Task description.
When you reach the line in the data below that contains "(351008, -1209188), dxfattribs=at)", please start repeating lines exactly, and stop after the line that contains "blk.add_mtext('390', dxfattribs=at)", repeating nothing else.

Extracted data entries
..............................
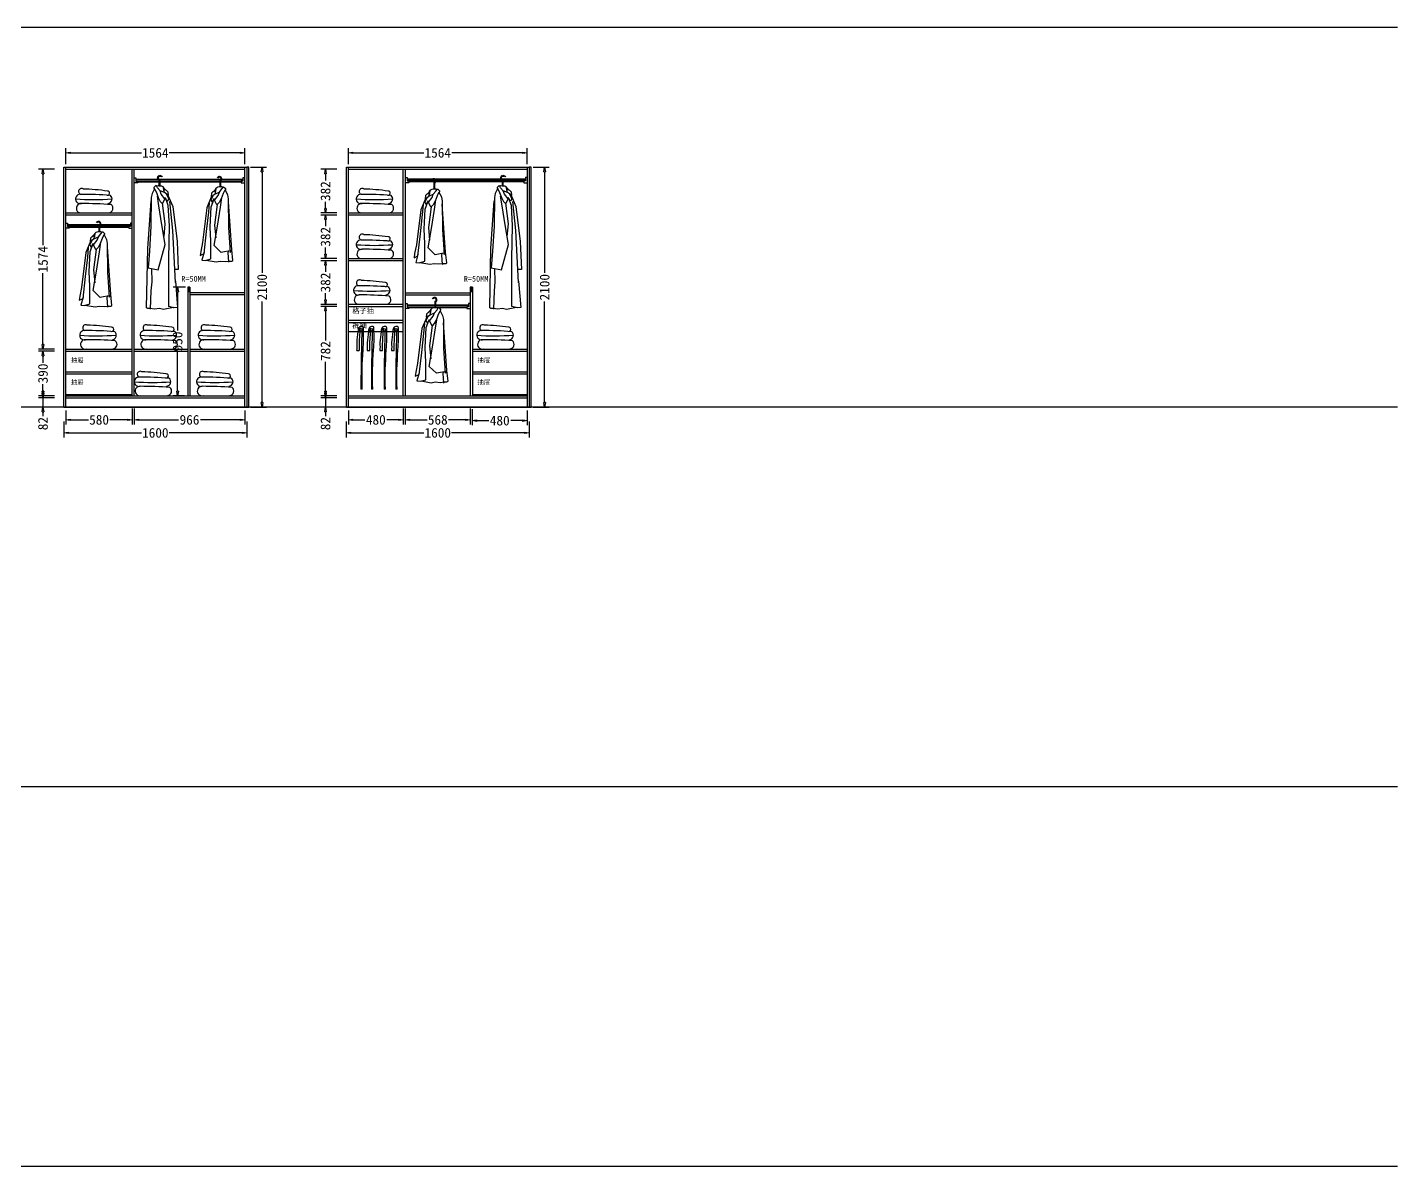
# Model space of a CAD drawing. Header units: millimetres. Extents: x 304407 to 361076, y -1262425 to -1203358.
# Drawn here: x 349089 to 361076, y -1215610 to -1205639 of the extents above; entities that cross this region are included whole.
import ezdxf

# ---------------------------------------------------------------- set-up
doc = ezdxf.new("R2010")
doc.units = ezdxf.units.MM
doc.header["$LTSCALE"] = 20
doc.layers.get('Defpoints').update_dxf_attribs({"color": 250})
for name, color, linetype in [('4', 1, 'Continuous'), ('6', 6, 'Continuous'), ('8', 8, 'Continuous'), ('LAYER10', 11, 'Continuous'), ('LAYER8', 11, 'Continuous'), ('图层3', 4, 'Continuous'), ('墙体', 40, 'Continuous')]:
    doc.layers.add(name, color=color, linetype=linetype)
doc.styles.get("Standard").update_dxf_attribs({"font": 'SimSun.ttf', "height": 85})
doc.styles.add('text', font='SimSun.ttf', dxfattribs={"height": 85})
doc.dimstyles.new('周文晶', dxfattribs={"dimtxt": 70, "dimasz": 40, "dimexe": 40, "dimexo": 30, "dimgap": 10, "dimtad": 0, "dimdec": 0, "dimtxsty": 'Standard', "dimblk": 'CLOSEDBLANK', "dimcen": 200, "dimclrd": 256, "dimclre": 256, "dimadec": 0, "dimazin": 0, "dimtfac": 1, "dimtdec": 0, "dimtmove": 0, "dimatfit": 3, "dimldrblk": 'CLOSEDBLANK', "dimfxl": 100, "dimfxlon": 1, "dimarcsym": 0})

# ---------------------------------------------------------------- blocks, each defined once
blk = doc.blocks.new('_ClosedBlank')
at = {"color": 0, "linetype": 'ByBlock', "lineweight": -2}
for p, q in [((-1, 0.17), (0, 0)), ((-1, 0.17), (-1, -0.17)), ((0, 0), (-1, -0.17))]:
    blk.add_line(p, q, dxfattribs=at)
blk = doc.blocks.new('*D347')
at = {"lineweight": -2, "transparency": 16777216}
for p, q in [((349426, -1208993), (349426, -1209114)), ((350006, -1208974), (350006, -1209114)), ((349466, -1209074), (349622, -1209074)), ((349966, -1209074), (349810, -1209074))]:
    blk.add_line(p, q, dxfattribs=at)
at = {"layer": 'Defpoints', "color": 0, "transparency": 16777216}
for p in [(350006, -1208863), (349426, -1208963), (350006, -1209074)]:
    blk.add_point(p, dxfattribs=at)
at = {"lineweight": -2, "transparency": 16777216, "xscale": 40, "yscale": 40, "zscale": 40, "rotation": 180}
blk.add_blockref('_ClosedBlank', (349426, -1209074), dxfattribs=at)
at = {"lineweight": -2, "transparency": 16777216, "xscale": 40, "yscale": 40, "zscale": 40}
blk.add_blockref('_ClosedBlank', (350006, -1209074), dxfattribs=at)
at = {"color": 0, "transparency": 16777216, "insert": (349716, -1209074), "char_height": 85, "attachment_point": 5}
blk.add_mtext('580', dxfattribs=at)
blk = doc.blocks.new('*D348')
at = {"lineweight": -2, "transparency": 16777216}
for p, q in [((350024, -1208974), (350024, -1209114)), ((350990, -1208993), (350990, -1209114)), ((350064, -1209074), (350412, -1209074)), ((350950, -1209074), (350602, -1209074))]:
    blk.add_line(p, q, dxfattribs=at)
at = {"layer": 'Defpoints', "color": 0, "transparency": 16777216}
for p in [(350024, -1206881), (350990, -1208963), (350990, -1209074)]:
    blk.add_point(p, dxfattribs=at)
at = {"lineweight": -2, "transparency": 16777216, "xscale": 40, "yscale": 40, "zscale": 40, "rotation": 180}
blk.add_blockref('_ClosedBlank', (350024, -1209074), dxfattribs=at)
at = {"lineweight": -2, "transparency": 16777216, "xscale": 40, "yscale": 40, "zscale": 40}
blk.add_blockref('_ClosedBlank', (350990, -1209074), dxfattribs=at)
at = {"color": 0, "transparency": 16777216, "insert": (350507, -1209074), "char_height": 85, "attachment_point": 5}
blk.add_mtext('966', dxfattribs=at)
blk = doc.blocks.new('*D349')
at = {"lineweight": -2, "transparency": 16777216}
for p, q in [((349426, -1206837), (349426, -1206697)), ((350990, -1206837), (350990, -1206697)), ((349466, -1206737), (350086, -1206737)), ((350950, -1206737), (350330, -1206737))]:
    blk.add_line(p, q, dxfattribs=at)
at = {"layer": 'Defpoints', "color": 0, "transparency": 16777216}
for p in [(350990, -1206737), (349426, -1206881), (350990, -1206881)]:
    blk.add_point(p, dxfattribs=at)
at = {"lineweight": -2, "transparency": 16777216, "xscale": 40, "yscale": 40, "zscale": 40, "rotation": 180}
blk.add_blockref('_ClosedBlank', (349426, -1206737), dxfattribs=at)
at = {"lineweight": -2, "transparency": 16777216, "xscale": 40, "yscale": 40, "zscale": 40}
blk.add_blockref('_ClosedBlank', (350990, -1206737), dxfattribs=at)
at = {"color": 0, "transparency": 16777216, "insert": (350208, -1206737), "char_height": 85, "attachment_point": 5}
blk.add_mtext('1564', dxfattribs=at)
blk = doc.blocks.new('*D350')
at = {"lineweight": -2, "transparency": 16777216}
for p, q in [((349408, -1209088), (349408, -1209228)), ((351008, -1209088), (351008, -1209228)), ((349448, -1209188), (350087, -1209188)), ((350968, -1209188), (350329, -1209188))]:
    blk.add_line(p, q, dxfattribs=at)
at = {"layer": 'Defpoints', "color": 0, "transparency": 16777216}
for p in [(349408, -1208963), (351008, -1208963), (351008, -1209188)]:
    blk.add_point(p, dxfattribs=at)
at = {"lineweight": -2, "transparency": 16777216, "xscale": 40, "yscale": 40, "zscale": 40, "rotation": 180}
blk.add_blockref('_ClosedBlank', (349408, -1209188), dxfattribs=at)
at = {"lineweight": -2, "transparency": 16777216, "xscale": 40, "yscale": 40, "zscale": 40}
blk.add_blockref('_ClosedBlank', (351008, -1209188), dxfattribs=at)
at = {"color": 0, "transparency": 16777216, "insert": (350208, -1209188), "char_height": 85, "attachment_point": 5}
blk.add_mtext('1600', dxfattribs=at)
blk = doc.blocks.new('*D351')
at = {"lineweight": -2, "transparency": 16777216}
for p, q in [((349325, -1208881), (349185, -1208881)), ((349225, -1208841), (349225, -1208801)), ((349225, -1208881), (349225, -1208963)), ((349325, -1208963), (349185, -1208963)), ((349225, -1209003), (349225, -1209043))]:
    blk.add_line(p, q, dxfattribs=at)
at = {"layer": 'Defpoints', "color": 0, "transparency": 16777216}
for p in [(349225, -1208881), (349426, -1208881), (349408, -1208963)]:
    blk.add_point(p, dxfattribs=at)
at = {"lineweight": -2, "transparency": 16777216, "xscale": 40, "yscale": 40, "zscale": 40}
for p, rotation in [((349225, -1208881), 270), ((349225, -1208963), 90)]:
    blk.add_blockref('_ClosedBlank', p, dxfattribs=dict(at, rotation=rotation))
at = {"color": 0, "transparency": 16777216, "insert": (349225, -1209107), "char_height": 85, "attachment_point": 5, "rotation": 90}
blk.add_mtext('82', dxfattribs=at)
blk = doc.blocks.new('*D352')
at = {"lineweight": -2, "transparency": 16777216}
for p, q in [((349325, -1208473), (349185, -1208473)), ((349225, -1208513), (349225, -1208574)), ((349225, -1208823), (349225, -1208762)), ((349325, -1208863), (349185, -1208863))]:
    blk.add_line(p, q, dxfattribs=at)
at = {"layer": 'Defpoints', "color": 0, "transparency": 16777216}
for p in [(349225, -1208473), (349426, -1208473), (349426, -1208863)]:
    blk.add_point(p, dxfattribs=at)
at = {"lineweight": -2, "transparency": 16777216, "xscale": 40, "yscale": 40, "zscale": 40}
for p, rotation in [((349225, -1208473), 90), ((349225, -1208863), 270)]:
    blk.add_blockref('_ClosedBlank', p, dxfattribs=dict(at, rotation=rotation))
at = {"color": 0, "transparency": 16777216, "insert": (349225, -1208668), "char_height": 85, "attachment_point": 5, "rotation": 90}
blk.add_mtext('390', dxfattribs=at)
blk = doc.blocks.new('*D353')
at = {"lineweight": -2, "transparency": 16777216}
for p, q in [((349325, -1206881), (349185, -1206881)), ((349225, -1206921), (349225, -1207546)), ((349225, -1208415), (349225, -1207790)), ((349325, -1208455), (349185, -1208455))]:
    blk.add_line(p, q, dxfattribs=at)
at = {"layer": 'Defpoints', "color": 0, "transparency": 16777216}
for p in [(349225, -1206881), (349426, -1206881), (349426, -1208455)]:
    blk.add_point(p, dxfattribs=at)
at = {"lineweight": -2, "transparency": 16777216, "xscale": 40, "yscale": 40, "zscale": 40}
for p, rotation in [((349225, -1206881), 90), ((349225, -1208455), 270)]:
    blk.add_blockref('_ClosedBlank', p, dxfattribs=dict(at, rotation=rotation))
at = {"color": 0, "transparency": 16777216, "insert": (349225, -1207668), "char_height": 85, "attachment_point": 5, "rotation": 90}
blk.add_mtext('1574', dxfattribs=at)
blk = doc.blocks.new('*D354')
at = {"lineweight": -2, "transparency": 16777216}
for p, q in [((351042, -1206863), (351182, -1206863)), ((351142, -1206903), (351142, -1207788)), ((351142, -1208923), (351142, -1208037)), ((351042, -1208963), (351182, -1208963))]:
..............................
Answer to the problem.
blk.add_blockref('_ClosedBlank', (351008, -1209188), dxfattribs=at)
at = {"color": 0, "transparency": 16777216, "insert": (350208, -1209188), "char_height": 85, "attachment_point": 5}
blk.add_mtext('1600', dxfattribs=at)
blk = doc.blocks.new('*D351')
at = {"lineweight": -2, "transparency": 16777216}
for p, q in [((349325, -1208881), (349185, -1208881)), ((349225, -1208841), (349225, -1208801)), ((349225, -1208881), (349225, -1208963)), ((349325, -1208963), (349185, -1208963)), ((349225, -1209003), (349225, -1209043))]:
    blk.add_line(p, q, dxfattribs=at)
at = {"layer": 'Defpoints', "color": 0, "transparency": 16777216}
for p in [(349225, -1208881), (349426, -1208881), (349408, -1208963)]:
    blk.add_point(p, dxfattribs=at)
at = {"lineweight": -2, "transparency": 16777216, "xscale": 40, "yscale": 40, "zscale": 40}
for p, rotation in [((349225, -1208881), 270), ((349225, -1208963), 90)]:
    blk.add_blockref('_ClosedBlank', p, dxfattribs=dict(at, rotation=rotation))
at = {"color": 0, "transparency": 16777216, "insert": (349225, -1209107), "char_height": 85, "attachment_point": 5, "rotation": 90}
blk.add_mtext('82', dxfattribs=at)
blk = doc.blocks.new('*D352')
at = {"lineweight": -2, "transparency": 16777216}
for p, q in [((349325, -1208473), (349185, -1208473)), ((349225, -1208513), (349225, -1208574)), ((349225, -1208823), (349225, -1208762)), ((349325, -1208863), (349185, -1208863))]:
    blk.add_line(p, q, dxfattribs=at)
at = {"layer": 'Defpoints', "color": 0, "transparency": 16777216}
for p in [(349225, -1208473), (349426, -1208473), (349426, -1208863)]:
    blk.add_point(p, dxfattribs=at)
at = {"lineweight": -2, "transparency": 16777216, "xscale": 40, "yscale": 40, "zscale": 40}
for p, rotation in [((349225, -1208473), 90), ((349225, -1208863), 270)]:
    blk.add_blockref('_ClosedBlank', p, dxfattribs=dict(at, rotation=rotation))
at = {"color": 0, "transparency": 16777216, "insert": (349225, -1208668), "char_height": 85, "attachment_point": 5, "rotation": 90}
blk.add_mtext('390', dxfattribs=at)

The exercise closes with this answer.